We plot the estimate of three component functions on distribution test set. We can see that LowCon performs the worst and is close to non-convergence. Unif also performed poorly, especially at the border. IES performed the best and most closely with the full sample.

ori_predict %>% 
  ggplot(aes(x = x, y = y, group = Method, color = Method, linetype = Method)) +
  geom_line() +
  facet_wrap(~Variable, scales = "free") +
  ggtitle("Component function estimation on the original data.")

And the estimate of three component functions on grid testset which has similar performance with distribution testset.

grid_predict %>% 
  ggplot(aes(x = x, y = y, group = Method, color = Method, linetype = Method)) +
  geom_line() +
  facet_wrap(~Variable, scales = "free") +
  ggtitle("Component function estimation on the grid.")

Compute measures

We compare the MEE and ASE on the grid and original data under models based on different subsample and full data.
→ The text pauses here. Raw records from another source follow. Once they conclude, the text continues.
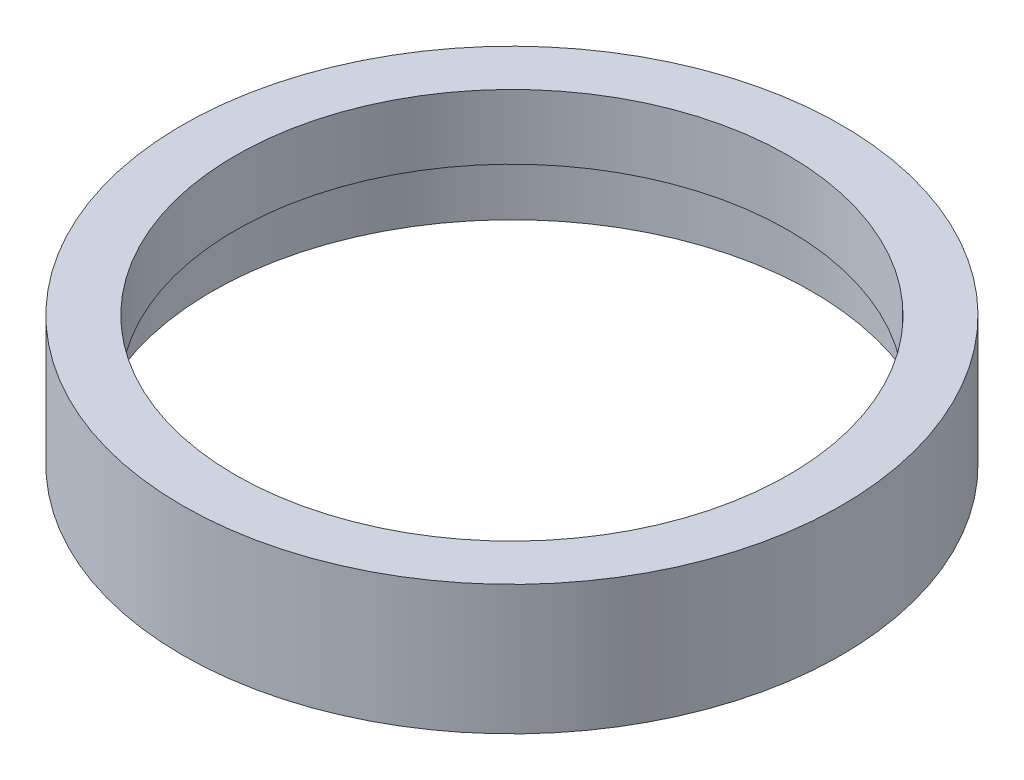
ISO-10303-21;
HEADER;
FILE_DESCRIPTION(('STEP AP214'),'2;1');
FILE_NAME('part.step','',(''),(''),'','','');
FILE_SCHEMA(('AUTOMOTIVE_DESIGN { 1 0 10303 214 1 1 1 1 }'));
ENDSEC;
DATA;
#1=APPLICATION_CONTEXT('core data for automotive mechanical design processes');
#2=APPLICATION_PROTOCOL_DEFINITION('international standard','automotive_design',2000,#1);
#3=PRODUCT_CONTEXT('',#1,'mechanical');
#4=PRODUCT('Part','Part','',(#3));
#5=PRODUCT_RELATED_PRODUCT_CATEGORY('part','',(#4));
#6=PRODUCT_DEFINITION_FORMATION('','',#4);
#7=PRODUCT_DEFINITION_CONTEXT('part definition',#1,'design');
#8=PRODUCT_DEFINITION('design','',#6,#7);
#9=PRODUCT_DEFINITION_SHAPE('','',#8);
#10=(LENGTH_UNIT() NAMED_UNIT(*) SI_UNIT(.MILLI.,.METRE.));
#11=(NAMED_UNIT(*) PLANE_ANGLE_UNIT() SI_UNIT($,.RADIAN.));
#12=(NAMED_UNIT(*) SI_UNIT($,.STERADIAN.) SOLID_ANGLE_UNIT());
#13=UNCERTAINTY_MEASURE_WITH_UNIT(LENGTH_MEASURE(1.E-05),#10,'distance_accuracy_value','');
#14=(GEOMETRIC_REPRESENTATION_CONTEXT(3) GLOBAL_UNCERTAINTY_ASSIGNED_CONTEXT((#13)) GLOBAL_UNIT_ASSIGNED_CONTEXT((#10,
#11,#12)) REPRESENTATION_CONTEXT('',''));
#15=CARTESIAN_POINT('',(0.,0.,0.));
#16=DIRECTION('',(0.,0.,1.));
#17=DIRECTION('',(1.,0.,0.));
#18=AXIS2_PLACEMENT_3D('',#15,#16,#17);
#19=CARTESIAN_POINT('',(28.,0.,0.));
#20=DIRECTION('',(0.,1.,0.));
#21=DIRECTION('',(0.,0.,1.));
#22=AXIS2_PLACEMENT_3D('',#19,#20,#21);
#23=PLANE('',#22);
#24=CARTESIAN_POINT('',(0.,0.,0.));
#25=DIRECTION('',(0.,1.,0.));
#26=DIRECTION('',(0.,0.,1.));
#27=AXIS2_PLACEMENT_3D('',#24,#25,#26);
#28=CIRCLE('',#27,28.);
#29=CARTESIAN_POINT('',(0.,0.,28.));
#30=VERTEX_POINT('',#29);
#31=EDGE_CURVE('E61',#30,#30,#28,.T.);
#32=ORIENTED_EDGE('',*,*,#31,.F.);
#33=EDGE_LOOP('',(#32));
#34=FACE_BOUND('',#33,.T.);
#35=CARTESIAN_POINT('',(0.,0.,0.));
#36=DIRECTION('',(0.,1.,0.));
#37=DIRECTION('',(0.,0.,1.));
#38=AXIS2_PLACEMENT_3D('',#35,#36,#37);
#39=CIRCLE('',#38,25.5);
#40=CARTESIAN_POINT('',(0.,0.,25.5));
#41=VERTEX_POINT('',#40);
#42=EDGE_CURVE('E10',#41,#41,#39,.T.);
#43=ORIENTED_EDGE('',*,*,#42,.T.);
#44=EDGE_LOOP('',(#43));
#45=FACE_BOUND('',#44,.T.);
#46=ADVANCED_FACE('F33',(#34,#45),#23,.F.);
#47=CARTESIAN_POINT('',(0.,60.0208204142554,0.));
#48=DIRECTION('',(0.,1.,0.));
#49=DIRECTION('',(0.,0.,1.));
#50=AXIS2_PLACEMENT_3D('',#47,#48,#49);
#51=CYLINDRICAL_SURFACE('',#50,25.5);
#52=ORIENTED_EDGE('',*,*,#42,.F.);
#53=EDGE_LOOP('',(#52));
#54=FACE_BOUND('',#53,.T.);
#55=CARTESIAN_POINT('',(0.,4.5,0.));
#56=DIRECTION('',(0.,1.,0.));
#57=DIRECTION('',(0.,0.,1.));
#58=AXIS2_PLACEMENT_3D('',#55,#56,#57);
#59=CIRCLE('',#58,25.5);
#60=CARTESIAN_POINT('',(0.,4.5,25.5));
#61=VERTEX_POINT('',#60);
#62=EDGE_CURVE('E39',#61,#61,#59,.T.);
#63=ORIENTED_EDGE('',*,*,#62,.T.);
#64=EDGE_LOOP('',(#63));
#65=FACE_BOUND('',#64,.T.);
#66=ADVANCED_FACE('F68',(#54,#65),#51,.F.);
#67=CARTESIAN_POINT('',(25.5,4.5,0.));
#68=DIRECTION('',(0.,-1.,0.));
#69=DIRECTION('',(0.,0.,-1.));
#70=AXIS2_PLACEMENT_3D('',#67,#68,#69);
#71=PLANE('',#70);
#72=ORIENTED_EDGE('',*,*,#62,.F.);
#73=EDGE_LOOP('',(#72));
#74=FACE_BOUND('',#73,.T.);
#75=CARTESIAN_POINT('',(0.,4.5,0.));
#76=DIRECTION('',(0.,1.,0.));
#77=DIRECTION('',(0.,0.,1.));
#78=AXIS2_PLACEMENT_3D('',#75,#76,#77);
#79=CIRCLE('',#78,26.1);
#80=CARTESIAN_POINT('',(0.,4.5,26.1));
#81=VERTEX_POINT('',#80);
#82=EDGE_CURVE('E43',#81,#81,#79,.T.);
#83=ORIENTED_EDGE('',*,*,#82,.T.);
#84=EDGE_LOOP('',(#83));
#85=FACE_BOUND('',#84,.T.);
#86=ADVANCED_FACE('F72',(#74,#85),#71,.F.);
#87=CARTESIAN_POINT('',(0.,60.0208204142554,0.));
#88=DIRECTION('',(0.,1.,0.));
#89=DIRECTION('',(0.,0.,1.));
#90=AXIS2_PLACEMENT_3D('',#87,#88,#89);
#91=CYLINDRICAL_SURFACE('',#90,26.1);
#92=ORIENTED_EDGE('',*,*,#82,.F.);
#93=EDGE_LOOP('',(#92));
#94=FACE_BOUND('',#93,.T.);
#95=CARTESIAN_POINT('',(0.,5.5,0.));
#96=DIRECTION('',(0.,1.,0.));
#97=DIRECTION('',(0.,0.,1.));
#98=AXIS2_PLACEMENT_3D('',#95,#96,#97);
#99=CIRCLE('',#98,26.1);
#100=CARTESIAN_POINT('',(0.,5.5,26.1));
#101=VERTEX_POINT('',#100);
#102=EDGE_CURVE('E47',#101,#101,#99,.T.);
#103=ORIENTED_EDGE('',*,*,#102,.T.);
#104=EDGE_LOOP('',(#103));
#105=FACE_BOUND('',#104,.T.);
#106=ADVANCED_FACE('F77',(#94,#105),#91,.F.);
#107=CARTESIAN_POINT('',(26.1,5.5,0.));
#108=DIRECTION('',(0.,1.,0.));
#109=DIRECTION('',(0.,0.,1.));
#110=AXIS2_PLACEMENT_3D('',#107,#108,#109);
#111=PLANE('',#110);
#112=ORIENTED_EDGE('',*,*,#102,.F.);
#113=EDGE_LOOP('',(#112));
#114=FACE_BOUND('',#113,.T.);
#115=CARTESIAN_POINT('',(0.,5.5,0.));
#116=DIRECTION('',(0.,1.,0.));
#117=DIRECTION('',(0.,0.,1.));
#118=AXIS2_PLACEMENT_3D('',#115,#116,#117);
#119=CIRCLE('',#118,23.5);
#120=CARTESIAN_POINT('',(0.,5.5,23.5));
#121=VERTEX_POINT('',#120);
#122=EDGE_CURVE('E52',#121,#121,#119,.T.);
#123=ORIENTED_EDGE('',*,*,#122,.T.);
#124=EDGE_LOOP('',(#123));
#125=FACE_BOUND('',#124,.T.);
#126=ADVANCED_FACE('F83',(#114,#125),#111,.F.);
#127=CARTESIAN_POINT('',(0.,60.0208204142554,0.));
#128=DIRECTION('',(0.,1.,0.));
#129=DIRECTION('',(0.,0.,1.));
#130=AXIS2_PLACEMENT_3D('',#127,#128,#129);
#131=CYLINDRICAL_SURFACE('',#130,23.5);
#132=ORIENTED_EDGE('',*,*,#122,.F.);
#133=EDGE_LOOP('',(#132));
#134=FACE_BOUND('',#133,.T.);
#135=CARTESIAN_POINT('',(0.,11.,0.));
#136=DIRECTION('',(0.,1.,0.));
#137=DIRECTION('',(0.,0.,1.));
#138=AXIS2_PLACEMENT_3D('',#135,#136,#137);
#139=CIRCLE('',#138,23.5);
#140=CARTESIAN_POINT('',(0.,11.,23.5));
#141=VERTEX_POINT('',#140);
#142=EDGE_CURVE('E55',#141,#141,#139,.T.);
#143=ORIENTED_EDGE('',*,*,#142,.T.);
#144=EDGE_LOOP('',(#143));
#145=FACE_BOUND('',#144,.T.);
#146=ADVANCED_FACE('F87',(#134,#145),#131,.F.);
#147=CARTESIAN_POINT('',(23.5,11.,0.));
#148=DIRECTION('',(0.,-1.,0.));
#149=DIRECTION('',(0.,0.,-1.));
#150=AXIS2_PLACEMENT_3D('',#147,#148,#149);
#151=PLANE('',#150);
#152=ORIENTED_EDGE('',*,*,#142,.F.);
#153=EDGE_LOOP('',(#152));
#154=FACE_BOUND('',#153,.T.);
#155=CARTESIAN_POINT('',(0.,11.,0.));
#156=DIRECTION('',(0.,1.,0.));
#157=DIRECTION('',(0.,0.,1.));
#158=AXIS2_PLACEMENT_3D('',#155,#156,#157);
#159=CIRCLE('',#158,28.);
#160=CARTESIAN_POINT('',(0.,11.,28.));
#161=VERTEX_POINT('',#160);
#162=EDGE_CURVE('E58',#161,#161,#159,.T.);
#163=ORIENTED_EDGE('',*,*,#162,.T.);
#164=EDGE_LOOP('',(#163));
#165=FACE_BOUND('',#164,.T.);
#166=ADVANCED_FACE('F91',(#154,#165),#151,.F.);
#167=CARTESIAN_POINT('',(0.,60.0208204142554,0.));
#168=DIRECTION('',(0.,1.,0.));
#169=DIRECTION('',(0.,0.,1.));
#170=AXIS2_PLACEMENT_3D('',#167,#168,#169);
#171=CYLINDRICAL_SURFACE('',#170,28.);
#172=ORIENTED_EDGE('',*,*,#162,.F.);
#173=EDGE_LOOP('',(#172));
#174=FACE_BOUND('',#173,.T.);
#175=ORIENTED_EDGE('',*,*,#31,.T.);
#176=EDGE_LOOP('',(#175));
#177=FACE_BOUND('',#176,.T.);
#178=ADVANCED_FACE('F65',(#174,#177),#171,.T.);
#179=CLOSED_SHELL('',(#46,#66,#86,#106,#126,#146,#166,#178));
#180=MANIFOLD_SOLID_BREP('B2',#179);
#181=ADVANCED_BREP_SHAPE_REPRESENTATION('',(#18,#180),#14);
#182=SHAPE_DEFINITION_REPRESENTATION(#9,#181);
ENDSEC;
END-ISO-10303-21;

There is no real response on the grid test set, so we use the estimate obtained from the model based on full data as the response.

Extrapolation is carried out not only when drawing graphs, but also when calculating measures, otherwise the values of MEE and ASE will be extremely large (especially LowCon and Unif).

y_ori <- real_train[["y"]]
y_grid <- predict.Gam(model[["Full"]], real_grid)
predict_extra_ori <- purrr::map2(model, extrapolation_ori_data, predict.Gam)
predict_extra_grid <- purrr::map2(model, extrapolation_grid_data, predict.Gam)

extra_measure <- bind_cols(
  Measure = c("MEE_Ori", "ASE_Ori", "MEE_Grid", "ASE_Grid"),
  dplyr::bind_rows(purrr::map_dbl(predict_extra_ori, mee, y_ori),
                   purrr::map_dbl(predict_extra_ori, ase, y_ori),
                   purrr::map_dbl(predict_extra_grid, mee, y_grid),
                   purrr::map_dbl(predict_extra_grid, ase, y_grid))) %>%
  tidyr::pivot_longer(!Measure, names_to = "Method", values_to = "Value")

extra_measure %>% 
  ggplot(aes(y = Method, x = Value)) +
  geom_bar(stat = "identity") +
  facet_wrap(~Measure, scales = "free")

IES performed consistently well on MEE. ASE performs better on the grid test set and worse on the distribution test set (possibly due to data leakage). This is in line with our expectations.

We have reproduced only some of the IES simulations here, and others are subject to subsequent refinement.